> _What the exercise asks_
Keeping pictures out, repeat the lines of the listing below exactly, starting at its first line and finishing with the one that holds "arc A2 (4, -48)".

===== Exercise data

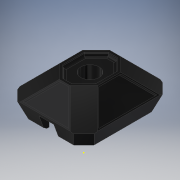
# Autodesk Inventor part: カメラ_外装
Saved by Autodesk Inventor 2018 (Build 220112000, 112)
## iProperties
Created: 2018-06-12
Part Number: カメラ_外装
Material: 一般
Document SubType Name: Modeling
Designer: taka
Density: 1 g/cm^3
Appearance: 滑らか - 黒
Mass: 52.2432 g
Surface Area: 167.376 cm^2
Volume: 52.2432 cm^3
Author: taka
Autodesk Inventor part; units mm, degrees
ref_plane "YZ Plane" through (0, 0, 0) normal (1, 0, 0) x (0, 1, 0)
ref_plane "XZ Plane" through (0, 0, 0) normal (0, 1, 0) x (-1, 0, 0)
ref_plane "XY Plane" through (0, 0, 0) normal (0, 0, 1) x (1, 0, 0)
sketch "スケッチ1" plane through (0, 0, 0) normal (0, 1, 0) x (-1, 0, 0)
  line L0 (0, 0) -> (52, 0)
  line L1 (52, 0) -> (52, -62)
  line L2 (52, -62) -> (0, -62)
  line L3 (0, -62) -> (0, 0)
  line L4 (38, -4) -> (14, -4)
  line L5 (4, -14) -> (4, -48)
  line L6 (14, -58) -> (38, -58)
  line L7 (48, -48) -> (48, -14)
  arc A0 (48, -14) -> (38, -4) centre (38, -14) ccw
  arc A1 (38, -58) -> (48, -48) centre (38, -48) ccw
  arc A2 (4, -48) -> (14, -58) centre (14, -48) ccw
  arc A3 (14, -4) -> (4, -14) centre (14, -14) ccw
  point P0 (4, -58)
  point P1 (4, -4)
  point P2 (48, -58)
  dimension "d0" = 52
  dimension "d1" = 62
  dimension "d2" = 44
  dimension "d3" = 54
  dimension "d4" = 4
  dimension "d5" = 4
  dimension "d6" = 10
  constraints: 16 end point, 8 point on circle, 8 tangent, 6 point on line, 4 centre point, 4 parallel, 3 equal radius, 2 horizontal, 2 perpendicular
  measures "d0" distance of L1.end L2.end
  measures "d1" distance of L0.end L1.end
  measures "d2" distance of point (48, -58) point (4, -58)
  measures "d3" distance of point (4, -58) point (4, -4)
  measures "d4" distance between parallel lines of L0 L4
  measures "d5" distance between parallel lines of L3 L5
  measures "d6" radius of A0
extrude "押し出し1" add sketch "スケッチ1" along normal blind 15
draft "面の勾配1" angle 20 pull direction (0, -1, 0) faces at (-17.333333, 5, 0) (-52, 10, -20.666667) (0, 10, -41.333333) (-34.666667, 5, -62) fixed edges at (-26, 0, 0) (-52, 0, -31) (0, 0, -31) (-26, 0, -62)
chamfer "面取り1" distance 8 angle 45 4 edges at (2.7298, 7.5, 2.7298) (2.7298, 7.5, -64.7298) (-54.7298, 7.5, -64.7298) (-54.7298, 7.5, 2.7298)
chamfer "面取り2" distance 2 angle 45 8 edges at (-52, 0, -31) (-47.7725, 0, -4.2275) (-26, 0, 0) (0, 0, -31) (-4.2275, 0, -57.7725) (-26, 0, -62) (-47.7725, 0, -57.7725) (-4.2275, 0, -4.2275)
sketch "スケッチ2" plane through (0, 15, 0) normal (0, 1, 0) x (1, 0, 0)
  line L0 (5.459554, 2.99542) -> (5.459554, 59.00458)
  line L1 (-2.99542, 67.459554) -> (-49.00458, 67.459554)
  line L2 (-57.459554, 59.00458) -> (-57.459554, 2.99542)
  line L3 (-49.00458, -5.459554) -> (-2.99542, -5.459554)
  line L4 (5.459554, 67.459554) -> (-57.459554, 67.459554)
  line L5 (-57.459554, 67.459554) -> (-57.459554, -5.459554)
  line L6 (-57.459554, -5.459554) -> (5.459554, -5.459554)
  line L7 (5.459554, -5.459554) -> (5.459554, 67.459554)
  point P0 (0, 0)
  constraints: 8 end point, 3 collinear, 2 parallel, 1 horizontal, 1 perpendicular, 1 point on line
extrude "押し出し2" add sketch "スケッチ2" along normal blind 16
draft "面の勾配3" angle 45 pull direction (0, 1, 0) faces at (5.459554, 25.666667, -40.33486) (-18.331807, 25.666667, 5.459554) (-57.459554, 25.666667, -21.66514) (-18.331807, 25.666667, -67.459554) fixed edges at (5.459554, 15, -31) (5.459554, 15, -63.232067) (5.459554, 15, 1.232067) (-53.232067, 15, 5.459554) (-26, 15, 5.459554) (1.232067, 15, 5.459554) (-57.459554, 15, -63.232067) (-57.459554, 15, -31) (-57.459554, 15, 1.232067) (1.232067, 15, -67.459554) (-26, 15, -67.459554) (-53.232067, 15, -67.459554)
chamfer "面取り3" distance 9 angle 45 4 edges at (-2.5404, 23, -59.4596) (-2.5404, 23, -2.5404) (-49.4596, 23, -2.5404) (-49.4596, 23, -59.4596)
sketch "スケッチ3" plane through (0, 31, 0) normal (0, 1, 0) x (1, 0, 0)
  line L0 (-21.56315, 51.459554) -> (-30.43685, 51.459554)
  line L1 (-41.459554, 40.43685) -> (-30.43685, 51.459554)
  line L2 (-41.459554, 40.43685) -> (-41.459554, 21.56315)
  line L3 (-30.43685, 10.540446) -> (-41.459554, 21.56315)
  line L4 (-30.43685, 10.540446) -> (-21.56315, 10.540446)
  line L5 (-10.540446, 21.56315) -> (-21.56315, 10.540446)
  line L6 (-10.540446, 21.56315) -> (-10.540446, 40.43685)
  line L7 (-21.56315, 51.459554) -> (-10.540446, 40.43685)
  line L8 (-21.56315, 51.459554) -> (-30.43685, 51.459554)
  circle A0 centre (-26, 31) radius 7.5
  point P0 (0, 0)
  dimension "d23" = 15
  dimension "d24" = 40.91911
  dimension "d25" = 30.91911
  dimension "d26" = 15.45955
  dimension "d27" = 20.45955
  constraints: 1 centre point
  measures "d23" diameter of A0
  measures "d24" distance between parallel lines of L4 L0
  measures "d25" distance between parallel lines of L2 L6
  measures "d26" distance from line of L6 A0.centre
  measures "d27" distance from line of A0.centre L4
extrude "押し出し3" cut sketch "スケッチ3" against normal through all contours A0
sketch "スケッチ4" plane through (0, 31, 0) normal (0, 1, 0) x (1, 0, 0)
  circle A0 centre (-26, 31) radius 7.5
  line L0 (-41.459554, 40.43685) -> (-30.43685, 51.459554)
  line L1 (-41.459554, 40.43685) -> (-41.459554, 21.56315)
  line L2 (-30.43685, 10.540446) -> (-41.459554, 21.56315)
  line L3 (-30.43685, 10.540446) -> (-21.56315, 10.540446)
  line L4 (-10.540446, 21.56315) -> (-21.56315, 10.540446)
  line L5 (-10.540446, 21.56315) -> (-10.540446, 40.43685)
  line L6 (-21.56315, 51.459554) -> (-10.540446, 40.43685)
  line L7 (-21.56315, 51.459554) -> (-30.43685, 51.459554)
  line L8 (-12.540446, 49.459554) -> (-39.459554, 49.459554)
  line L9 (-39.459554, 49.459554) -> (-39.459554, 12.540446)
  line L10 (-39.459554, 12.540446) -> (-12.540446, 12.540446)
  line L11 (-12.540446, 12.540446) -> (-12.540446, 49.459554)
  line L12 (-22.391577, 49.459554) -> (-12.540446, 39.608423)
  line L13 (-21.56315, 51.459554) -> (-10.540446, 40.43685)
  line L14 (-12.540446, 22.391577) -> (-22.391577, 12.540446)
  line L15 (-10.540446, 21.56315) -> (-21.56315, 10.540446)
  line L16 (-29.608423, 49.459554) -> (-39.459554, 39.608423)
  line L17 (-39.459554, 22.391577) -> (-29.608423, 12.540446)
  line L18 (-41.459554, 40.43685) -> (-30.43685, 51.459554)
  line L19 (-30.43685, 10.540446) -> (-41.459554, 21.56315)
  point P0 (0, 0)
  dimension "d30" = 2
  dimension "d31" = 2
  dimension "d33" = 2
  dimension "d34" = 2
  dimension "d35" = 2
  dimension "d36" = 2
  dimension "d37" = 2
  dimension "d38" = 2
  constraints: 16 end point, 8 point on line, 6 parallel, 1 horizontal, 1 perpendicular
  measures "d30" distance between parallel lines of L11 L5
  measures "d31" distance between parallel lines of L1 L9
  measures "d33" distance between parallel lines of L7 L8
  measures "d34" distance between parallel lines of L3 L10
  measures "d35" distance between parallel lines of L12 L6
  measures "d36" distance between parallel lines of L4 L14
  measures "d37" distance between parallel lines of L0 L16
  measures "d38" distance between parallel lines of L19 L17
extrude "押し出し4" cut sketch "スケッチ4" against normal blind 3 contours L16 L8 L12 L11 L14 L10 L17 L9
fillet "フィレット1" radius 2 8 edges at (-39.4596, 28, -31) (-34.534, 28, -44.534) (-26, 28, -49.4596) (-12.5404, 28, -31) (-17.466, 28, -44.534) (-17.466, 28, -17.466) (-34.534, 28, -17.466) (-26, 28, -12.5404)
sketch "スケッチ5" plane through (-57.459554, 15, -56.43685) normal (-0.7071068, 0.7071068, 0) x (-0.7071068, -0.7071068, 0)
  line L0 (-1, 48.941848) -> (-21.627417, 34.356061)
  line L1 (-21.627417, 34.356061) -> (-21.627417, 16.517638)
  line L2 (-21.627417, 16.517638) -> (-1, 1.931852)
  line L3 (-1, 1.931852) -> (-1, 48.941848)
  line L4 (0, 0) -> (-22.627417, 16)
  line L5 (0, 0) -> (0, 50.873699)
  line L6 (-22.627417, 34.873699) -> (0, 50.873699)
  line L7 (-22.627417, 16) -> (-22.627417, 34.873699)
  line L8 (0, 0) -> (0, 50.873699)
  point P0 (-30.023438, 56.43685)
  dimension "d51" = 1
  dimension "d52" = 1
  dimension "d53" = 1
  dimension "d54" = 1
  constraints: 8 end point, 5 parallel, 1 vertical
  measures "d51" distance between parallel lines of L6 L0
  measures "d52" distance between parallel lines of L5 L3
  measures "d53" distance between parallel lines of L4 L2
  measures "d54" distance between parallel lines of L7 L1
extrude "押し出し5" cut sketch "スケッチ5" against normal blind 2 contours L3 L2 L1 L0
sketch "スケッチ6" plane through (5.459554, 15, -56.43685) normal (0.7071068, 0.7071068, 0) x (-0.7071068, 0.7071068, 0)
  line L0 (21.627417, 34.356061) -> (21.627417, 16.517638)
  line L1 (21.627417, 16.517638) -> (1, 1.931852)
  line L2 (1, 1.931852) -> (1, 48.941848)
  line L3 (1, 48.941848) -> (21.627417, 34.356061)
  line L4 (22.627417, 34.873699) -> (22.627417, 16)
  line L5 (0, 50.873699) -> (22.627417, 34.873699)
  line L6 (22.627417, 16) -> (0, 0)
  line L7 (0, 50.873699) -> (0, 0)
  point P0 (-6.746114, 56.43685)
  dimension "d57" = 1
  dimension "d58" = 1
  dimension "d59" = 1
  dimension "d60" = 1
  constraints: 8 end point, 4 parallel, 1 vertical
  measures "d57" distance between parallel lines of L5 L3
  measures "d58" distance between parallel lines of L7 L2
  measures "d59" distance between parallel lines of L4 L0
  measures "d60" distance between parallel lines of L6 L1
extrude "押し出し6" cut sketch "スケッチ6" against normal blind 2 contours L0 L1 L2 L3
sketch "スケッチ7" plane through (-5.56315, 15, -67.459554) normal (0, 0.7071068, -0.7071068) x (-1, 0, 0)
  line L0 (24.356061, 21.627417) -> (16.517638, 21.627417)
  line L1 (16.517638, 21.627417) -> (1.931852, 1)
  line L2 (1.931852, 1) -> (38.941848, 1)
  line L3 (38.941848, 1) -> (24.356061, 21.627417)
  line L4 (24.873699, 22.627417) -> (40.873699, 0)
  line L5 (0, 0) -> (40.873699, 0)
  line L6 (0, 0) -> (16, 22.627417)
  line L7 (16, 22.627417) -> (24.873699, 22.627417)
  point P0 (-5.56315, 37.094506)
  dimension "d63" = 1
  dimension "d64" = 1
  dimension "d65" = 1
  dimension "d66" = 1
  constraints: 8 end point, 5 parallel, 1 horizontal
  measures "d63" distance between parallel lines of L7 L0
  measures "d64" distance between parallel lines of L4 L3
  measures "d65" distance between parallel lines of L5 L2
  measures "d66" distance between parallel lines of L6 L1
extrude "押し出し7" cut sketch "スケッチ7" against normal blind 2 contours L3 L2 L1 L0
sketch "スケッチ8" plane through (-46.43685, 15, 5.459554) normal (0, 0.7071068, 0.7071068) x (1, 0, 0)
  line L0 (1.931852, 1) -> (38.941848, 1)
  line L1 (38.941848, 1) -> (24.356061, 21.627417)
  line L2 (24.356061, 21.627417) -> (16.517638, 21.627417)
  line L3 (16.517638, 21.627417) -> (1.931852, 1)
  line L4 (0, 0) -> (16, 22.627417)
  line L5 (0, 0) -> (40.873699, 0)
  line L6 (16, 22.627417) -> (24.873699, 22.627417)
  line L7 (24.873699, 22.627417) -> (40.873699, 0)
  point P0 (46.43685, -6.746114)
  dimension "d69" = 1
  dimension "d70" = 1
  dimension "d71" = 1
  dimension "d72" = 1
  constraints: 8 end point, 5 parallel, 1 horizontal
  measures "d69" distance between parallel lines of L5 L0
  measures "d70" distance between parallel lines of L7 L1
  measures "d71" distance between parallel lines of L6 L2
  measures "d72" distance between parallel lines of L4 L3
extrude "押し出し8" cut sketch "スケッチ8" against normal blind 2 contours L3 L2 L1 L0
sketch "スケッチ9" plane through (0, 0, 0) normal (0, -1, 0) x (1, 0, 0)
  point P0 (0, 0)
sketch "スケッチ10" plane through (0, 15, 0) normal (0, -1, 0) x (1, 0, 0)
  circle A0 centre (-45, -41) radius 3
  circle A1 centre (-45, -21) radius 3
  circle A2 centre (-7, -41) radius 3
  circle A3 centre (-7, -21) radius 3
  line L0 (-38, -58) -> (-14, -58) projected
  line L1 (-48, -14) -> (-48, -48) projected
  line L2 (-4, -48) -> (-4, -14) projected
  line L3 (-45, -18) -> (-48, -18)
  line L4 (-45, -24) -> (-48, -24)
  line L5 (-4, -44) -> (-4, -38)
  line L6 (-4, -24) -> (-4, -18)
  line L7 (-48, -44) -> (-48, -38)
  line L8 (-48, -24) -> (-48, -18)
  line L9 (-45, -44) -> (-48, -44)
  line L10 (-48, -44) -> (-48, -38)
  line L11 (-45, -38) -> (-48, -38)
  line L12 (-45, -44) -> (-48, -44)
  line L13 (-48, -44) -> (-48, -38)
  line L14 (-48, -38) -> (-45, -38)
  line L15 (-45, -38) -> (-45, -44)
  line L16 (-48, -24) -> (-45, -24)
  line L17 (-45, -24) -> (-45, -18)
  line L18 (-45, -18) -> (-48, -18)
  line L19 (-48, -18) -> (-48, -24)
  line L20 (-7, -24) -> (-4, -24)
  line L21 (-4, -24) -> (-4, -18)
  line L22 (-4, -18) -> (-7, -18)
  line L23 (-7, -18) -> (-7, -24)
  line L24 (-7, -44) -> (-4, -44)
  line L25 (-4, -44) -> (-4, -38)
  line L26 (-4, -38) -> (-7, -38)
  line L27 (-7, -38) -> (-7, -44)
  point P0 (0, 0)
  dimension "d77" = 6
  dimension "d78" = 6
  dimension "d75" = 6
  dimension "d76" = 6
  dimension "d79" = 17
  dimension "d80" = 3
  dimension "d81" = 20
  dimension "d82" = 3
  dimension "d83" = 20
  dimension "d84" = 17
  dimension "d85" = 3
  dimension "d86" = 3
  constraints: 50 end point, 9 horizontal, 8 parallel, 7 perpendicular, 5 point on line, 4 collinear, 4 point on circle, 4 tangent, 2 centre point, 2 vertical alignment, 4 other
  measures "d75" diameter of A0
  measures "d76" diameter of A1
  measures "d79" distance from line of L0 A0.centre
  measures "d80" distance from line of L1 A0.centre
  measures "d81" distance of A1.centre A0.centre
  measures "d82" distance from line of L1 A1.centre
  measures "d83" distance of point (-7, -41) point (-7, -21)
  measures "d84" distance from line of L0 point (-7, -41)
  measures "d85" distance from line of L2 point (-7, -41)
  measures "d86" distance from line of L2 point (-7, -21)
extrude "押し出し9" add sketch "スケッチ10" along normal blind 15
sketch "スケッチ11" plane through (0, 0, 0) normal (0, -1, 0) x (1, 0, 0)
  arc A0 (-45, -44) -> (-45, -38) centre (-45, -41) ccw projected
  arc A1 (-45, -24) -> (-45, -18) centre (-45, -21) ccw projected
  arc A2 (-7, -18) -> (-7, -24) centre (-7, -21) ccw projected
  arc A3 (-7, -38) -> (-7, -44) centre (-7, -41) ccw projected
  circle A4 centre (-45, -41) radius 0.9
  circle A5 centre (-45, -21) radius 0.9
  circle A6 centre (-7, -41) radius 0.9
  circle A7 centre (-7, -21) radius 0.9
  point P0 (0, 0)
  dimension "d89" = 1.8
  dimension "d90" = 1.8
  dimension "d91" = 1.8
  dimension "d92" = 1.8
  constraints: 4 centre point, 4 coincident
  measures "d89" diameter of A4
  measures "d90" diameter of A5
  measures "d91" diameter of A6
  measures "d92" diameter of A7
extrude "押し出し10" cut sketch "スケッチ11" against normal blind 15
sketch "スケッチ12" plane through (0, 0, 0) normal (0, -1, 0) x (1, 0, 0)
  arc A0 (-48, -48) -> (-38, -58) centre (-38, -48) ccw
  line L0 (-48, -48) -> (-48, -44)
  arc A1 (-38, -4) -> (-48, -14) centre (-38, -14) ccw
  line L1 (-38, -4) -> (-14, -4)
  arc A2 (-4, -14) -> (-14, -4) centre (-14, -14) ccw
  line L2 (-4, -14) -> (-4, -18)
  arc A3 (-14, -58) -> (-4, -48) centre (-14, -48) ccw
  line L3 (-14, -58) -> (-38, -58)
  line L4 (-2, -9.283401) -> (-2, -52.716599)
  line L5 (-9.283401, -2) -> (-2, -9.283401)
  line L6 (-42.716599, -2) -> (-9.283401, -2)
  line L7 (-50, -9.283401) -> (-42.716599, -2)
  line L8 (-50, -52.716599) -> (-50, -9.283401)
  line L9 (-42.716599, -60) -> (-50, -52.716599)
  line L10 (-9.283401, -60) -> (-42.716599, -60)
  line L11 (-2, -52.716599) -> (-9.283401, -60)
  line L12 (-48, -44) -> (-4, -44)
  line L13 (-4, -44) -> (-4, -18)
  line L14 (-4, -18) -> (-48, -18)
  line L15 (-48, -18) -> (-48, -44)
  line L16 (-48, -44) -> (-45, -44)
  arc A4 (-45, -44) -> (-45, -38) centre (-45, -41) ccw
  line L17 (-45, -38) -> (-48, -38)
  line L18 (-48, -38) -> (-48, -24)
  line L19 (-48, -24) -> (-45, -24)
  arc A5 (-45, -24) -> (-45, -18) centre (-45, -21) ccw
  line L20 (-45, -18) -> (-48, -18)
  line L21 (-48, -18) -> (-48, -14)
  line L22 (-4, -18) -> (-7, -18)
  arc A6 (-7, -18) -> (-7, -24) centre (-7, -21) ccw
  line L23 (-7, -24) -> (-4, -24)
  line L24 (-4, -24) -> (-4, -38)
  line L25 (-4, -38) -> (-7, -38)
  arc A7 (-7, -38) -> (-7, -44) centre (-7, -41) ccw
  line L26 (-7, -44) -> (-4, -44)
  line L27 (-4, -44) -> (-4, -48)
  point P0 (0, 0)
  constraints: 8 end point, 2 parallel, 1 horizontal, 1 perpendicular
extrude "押し出し11" cut sketch "スケッチ12" against normal blind 3 contours L15 L17 A4 L12 | A4 L17 L15 L19 A5 L14 A6 L23 L13 L25 A7 L12 | A7 L25 L13 L12 | L15 L14 A5 L19 | L23 A6 L14 L13
sketch "スケッチ13" plane through (-14, 0, -4) normal (0, 0, -1) x (-1, 0, 0)
  line L0 (18, 0) -> (6, 0)
  line L1 (6, 0) -> (6, 12)
  line L2 (6, 12) -> (18, 12)
  line L3 (18, 12) -> (18, 0)
  line L4 (24, 0) -> (0, 0) projected
  line L5 (24, 0) -> (24, 15) projected
  point P0 (-14, 0)
  dimension "d97" = 12
  dimension "d98" = 12
  dimension "d99" = 24
  dimension "d100" = 6
  constraints: 8 end point, 2 parallel, 1 collinear, 1 horizontal, 1 perpendicular
  measures "d97" distance of L1.end L2.end
  measures "d98" distance of L0.end L1.end
  measures "d99" distance of L4.start L4.end
  measures "d100" distance between parallel lines of L5 L3
extrude "押し出し12" cut sketch "スケッチ13" along normal through all both and the other way through all
equation "\"d4\" = -0.5 * d3 + 0.5 * d1"
equation "\"d5\" = -0.5 * d2 + 0.5 * d0"
equation "\"d26\" = 0.5 * d25"
equation "\"d27\" = 0.5 * d24"
equation "\"d31\" = d30"
equation "\"d33\" = d30"
equation "\"d34\" = d30"
equation "\"d35\" = d30"
equation "\"d36\" = d30"
equation "\"d37\" = d30"
equation "\"d38\" = d30"
equation "\"d52\" = d51"
equation "\"d53\" = d51"
equation "\"d54\" = d51"
equation "\"d58\" = d57"
equation "\"d59\" = d57"
equation "\"d60\" = d57"
equation "\"d64\" = d63"
equation "\"d65\" = d63"
equation "\"d66\" = d63"
equation "\"d70\" = d69"
equation "\"d71\" = d69"
equation "\"d72\" = d69"
equation "\"d77\" = d75"
equation "\"d78\" = d75"
equation "\"d76\" = d75"
equation "\"d82\" = d80"
equation "\"d83\" = d81"
equation "\"d84\" = d79"
equation "\"d85\" = d80"
equation "\"d86\" = d80"
equation "\"d90\" = d89"
equation "\"d91\" = d89"
equation "\"d92\" = d89"

==========

> _Expected output_
# Autodesk Inventor part: カメラ_外装
Saved by Autodesk Inventor 2018 (Build 220112000, 112)
## iProperties
Created: 2018-06-12
Part Number: カメラ_外装
Material: 一般
Document SubType Name: Modeling
Designer: taka
Density: 1 g/cm^3
Appearance: 滑らか - 黒
Mass: 52.2432 g
Surface Area: 167.376 cm^2
Volume: 52.2432 cm^3
Author: taka
Autodesk Inventor part; units mm, degrees
ref_plane "YZ Plane" through (0, 0, 0) normal (1, 0, 0) x (0, 1, 0)
ref_plane "XZ Plane" through (0, 0, 0) normal (0, 1, 0) x (-1, 0, 0)
ref_plane "XY Plane" through (0, 0, 0) normal (0, 0, 1) x (1, 0, 0)
sketch "スケッチ1" plane through (0, 0, 0) normal (0, 1, 0) x (-1, 0, 0)
  line L0 (0, 0) -> (52, 0)
  line L1 (52, 0) -> (52, -62)
  line L2 (52, -62) -> (0, -62)
  line L3 (0, -62) -> (0, 0)
  line L4 (38, -4) -> (14, -4)
  line L5 (4, -14) -> (4, -48)
  line L6 (14, -58) -> (38, -58)
  line L7 (48, -48) -> (48, -14)
  arc A0 (48, -14) -> (38, -4) centre (38, -14) ccw
  arc A1 (38, -58) -> (48, -48) centre (38, -48) ccw
  arc A2 (4, -48) -> (14, -58) centre (14, -48) ccw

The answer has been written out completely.